Starting at the first entry below, repeat all the data word for word and drop the pictures.

### Task material:

-=-=-

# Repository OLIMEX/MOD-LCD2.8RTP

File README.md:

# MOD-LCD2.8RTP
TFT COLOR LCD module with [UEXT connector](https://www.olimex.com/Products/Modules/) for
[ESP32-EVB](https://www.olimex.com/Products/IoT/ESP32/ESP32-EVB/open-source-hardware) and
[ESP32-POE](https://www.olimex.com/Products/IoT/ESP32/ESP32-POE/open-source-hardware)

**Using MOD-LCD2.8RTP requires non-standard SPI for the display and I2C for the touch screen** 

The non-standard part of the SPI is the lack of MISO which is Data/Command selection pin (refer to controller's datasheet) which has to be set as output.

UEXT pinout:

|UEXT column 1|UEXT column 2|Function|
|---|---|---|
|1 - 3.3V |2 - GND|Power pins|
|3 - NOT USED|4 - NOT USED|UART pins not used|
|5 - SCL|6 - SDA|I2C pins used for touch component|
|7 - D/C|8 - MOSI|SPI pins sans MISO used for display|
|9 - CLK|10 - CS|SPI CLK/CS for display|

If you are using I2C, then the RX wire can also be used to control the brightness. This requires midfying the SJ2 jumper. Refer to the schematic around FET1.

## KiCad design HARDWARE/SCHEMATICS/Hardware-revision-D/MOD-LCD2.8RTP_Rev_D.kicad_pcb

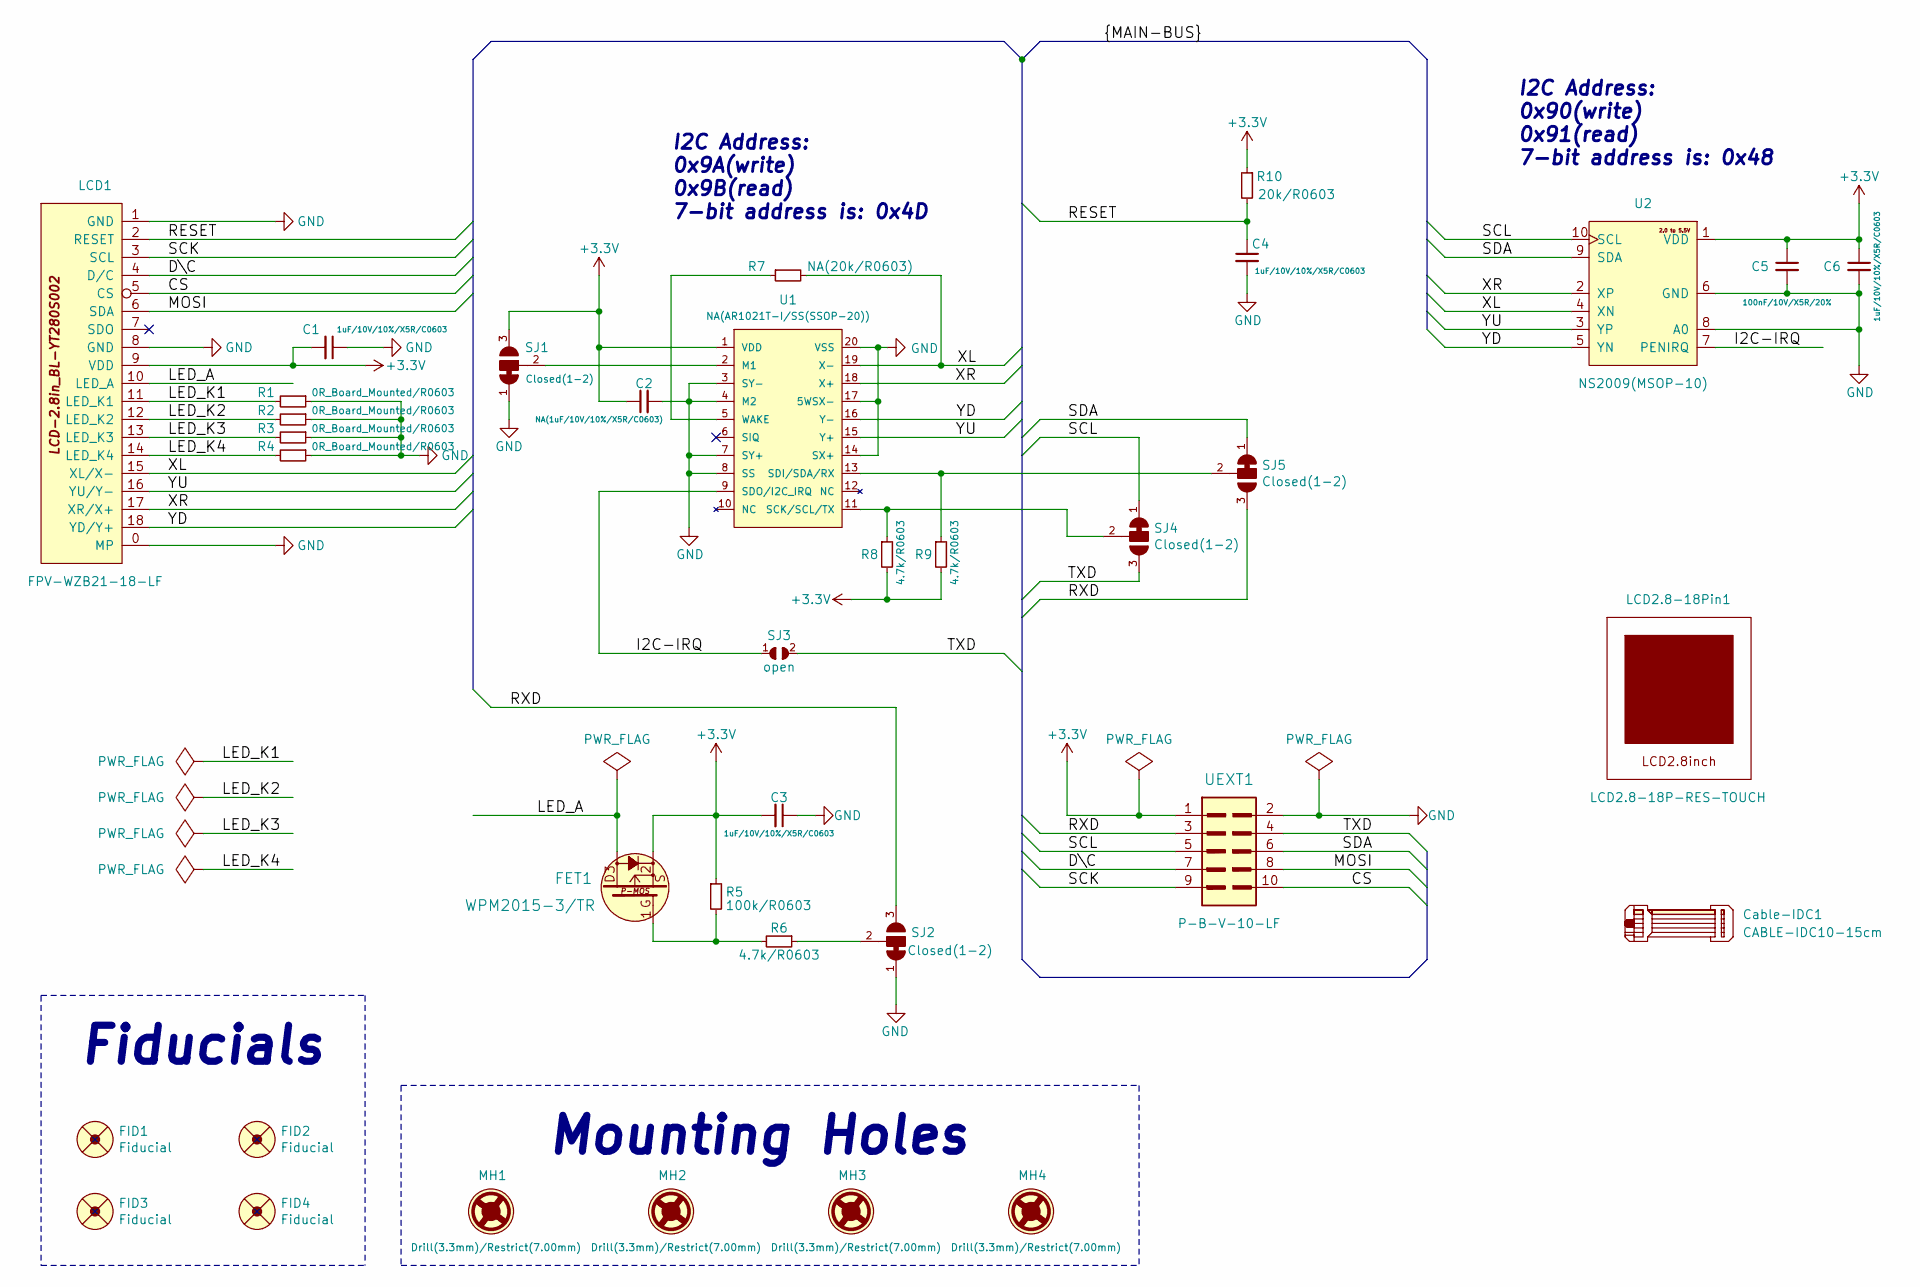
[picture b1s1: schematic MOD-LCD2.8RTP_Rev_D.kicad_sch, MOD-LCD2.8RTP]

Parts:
C1, C3, C4, C6: 1uF/10V/10%/X5R/C0603; C_0603_5MIL_DWS
C2: NA(1uF/10V/10%/X5R/C0603); C_0603_5MIL_DWS
C5: 100nF/10V/X5R/20%; C_0402_5MIL_DWS
Cable-IDC1: CABLE-IDC10-15cm; Cable-IDC
FET1: WPM2015-3/TR; SOT23
FID1, FID3: Fiducial; Fiducial1x3
FID2, FID4: Fiducial; Fiducial1x3_Paste
LCD1: FPV-WZB21-18-LF; LCD-2.8in_BL-YT280S002(FPV-WZB21-18-LF)
LCD2.8-18Pin1: LCD2.8-18P-RES-TOUCH; LCD2.8-18Pin
MH1, MH2, MH3, MH4: Drill(3.3mm)/Restrict(7.00mm); Mounting_Hole_Drill-3.3mm_Clerance-7mm
R1, R2, R3, R4: 0R_Board_Mounted/R0603; R_0603_5MIL_0R(Board_Mounted)
R5: 100k/R0603; R_0603_5MIL_DWS
R6, R8, R9: 4.7k/R0603; R_0603_5MIL_DWS
R7: NA(20k/R0603); R_0603_5MIL_DWS
R10: 20k/R0603; R_0603_5MIL_DWS
SJ1, SJ2, SJ4, SJ5: Closed(1-2); SJ_2_SMALL_12_TIED
SJ3: open; SJ
U1: NA(AR1021T-I/SS(SSOP-20)); SSOP-20W
U2: NS2009(MSOP-10); MSOP-10_Pitch-0.5mm_3.00x3.00x1.00mm
UEXT1: P-B-V-10-LF; GBH-254-SMT-10

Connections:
+3.3V: C1.2, C2.1, C3.2, C5.1, C6.1, FET1.2, LCD1.9 (VDD), R5.1, R8.2, R9.2, R10.1, SJ1.3, U1.1 (VDD), U2.1 (VDD), UEXT1.1
/CS: LCD1.5 (CS), UEXT1.10
/D\C: LCD1.4 (D/C), UEXT1.7
/I2C-IRQ: SJ3.1, U1.9 (SDO/I2C_IRQ), U2.7 (PENIRQ)
/LED_A: FET1.3, LCD1.10 (LED_A)
/LED_K1: LCD1.11 (LED_K1), R1.2
/LED_K2: LCD1.12 (LED_K2), R2.2
/LED_K3: LCD1.13 (LED_K3), R3.2
/LED_K4: LCD1.14 (LED_K4), R4.2
/MOSI: LCD1.6 (SDA), UEXT1.8
/RESET: C4.1, LCD1.2 (RESET), R10.2
/RXD: SJ2.3, SJ5.3, UEXT1.3
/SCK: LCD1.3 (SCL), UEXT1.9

-=-=-

### Output of the task:
# Repository OLIMEX/MOD-LCD2.8RTP

File README.md:

# MOD-LCD2.8RTP
TFT COLOR LCD module with [UEXT connector](https://www.olimex.com/Products/Modules/) for
[ESP32-EVB](https://www.olimex.com/Products/IoT/ESP32/ESP32-EVB/open-source-hardware) and
[ESP32-POE](https://www.olimex.com/Products/IoT/ESP32/ESP32-POE/open-source-hardware)

**Using MOD-LCD2.8RTP requires non-standard SPI for the display and I2C for the touch screen** 

The non-standard part of the SPI is the lack of MISO which is Data/Command selection pin (refer to controller's datasheet) which has to be set as output.

UEXT pinout:

|UEXT column 1|UEXT column 2|Function|
|---|---|---|
|1 - 3.3V |2 - GND|Power pins|
|3 - NOT USED|4 - NOT USED|UART pins not used|
|5 - SCL|6 - SDA|I2C pins used for touch component|
|7 - D/C|8 - MOSI|SPI pins sans MISO used for display|
|9 - CLK|10 - CS|SPI CLK/CS for display|

If you are using I2C, then the RX wire can also be used to control the brightness. This requires midfying the SJ2 jumper. Refer to the schematic around FET1.

## KiCad design HARDWARE/SCHEMATICS/Hardware-revision-D/MOD-LCD2.8RTP_Rev_D.kicad_pcb

[picture b1s1: schematic MOD-LCD2.8RTP_Rev_D.kicad_sch, MOD-LCD2.8RTP]

Parts:
C1, C3, C4, C6: 1uF/10V/10%/X5R/C0603; C_0603_5MIL_DWS
C2: NA(1uF/10V/10%/X5R/C0603); C_0603_5MIL_DWS
C5: 100nF/10V/X5R/20%; C_0402_5MIL_DWS
Cable-IDC1: CABLE-IDC10-15cm; Cable-IDC
FET1: WPM2015-3/TR; SOT23
FID1, FID3: Fiducial; Fiducial1x3
FID2, FID4: Fiducial; Fiducial1x3_Paste
LCD1: FPV-WZB21-18-LF; LCD-2.8in_BL-YT280S002(FPV-WZB21-18-LF)
LCD2.8-18Pin1: LCD2.8-18P-RES-TOUCH; LCD2.8-18Pin
MH1, MH2, MH3, MH4: Drill(3.3mm)/Restrict(7.00mm); Mounting_Hole_Drill-3.3mm_Clerance-7mm
R1, R2, R3, R4: 0R_Board_Mounted/R0603; R_0603_5MIL_0R(Board_Mounted)
R5: 100k/R0603; R_0603_5MIL_DWS
R6, R8, R9: 4.7k/R0603; R_0603_5MIL_DWS
R7: NA(20k/R0603); R_0603_5MIL_DWS
R10: 20k/R0603; R_0603_5MIL_DWS
SJ1, SJ2, SJ4, SJ5: Closed(1-2); SJ_2_SMALL_12_TIED
SJ3: open; SJ
U1: NA(AR1021T-I/SS(SSOP-20)); SSOP-20W
U2: NS2009(MSOP-10); MSOP-10_Pitch-0.5mm_3.00x3.00x1.00mm
UEXT1: P-B-V-10-LF; GBH-254-SMT-10

Connections:
+3.3V: C1.2, C2.1, C3.2, C5.1, C6.1, FET1.2, LCD1.9 (VDD), R5.1, R8.2, R9.2, R10.1, SJ1.3, U1.1 (VDD), U2.1 (VDD), UEXT1.1
/CS: LCD1.5 (CS), UEXT1.10
/D\C: LCD1.4 (D/C), UEXT1.7
/I2C-IRQ: SJ3.1, U1.9 (SDO/I2C_IRQ), U2.7 (PENIRQ)
/LED_A: FET1.3, LCD1.10 (LED_A)
/LED_K1: LCD1.11 (LED_K1), R1.2
/LED_K2: LCD1.12 (LED_K2), R2.2
/LED_K3: LCD1.13 (LED_K3), R3.2
/LED_K4: LCD1.14 (LED_K4), R4.2
/MOSI: LCD1.6 (SDA), UEXT1.8
/RESET: C4.1, LCD1.2 (RESET), R10.2
/RXD: SJ2.3, SJ5.3, UEXT1.3
/SCK: LCD1.3 (SCL), UEXT1.9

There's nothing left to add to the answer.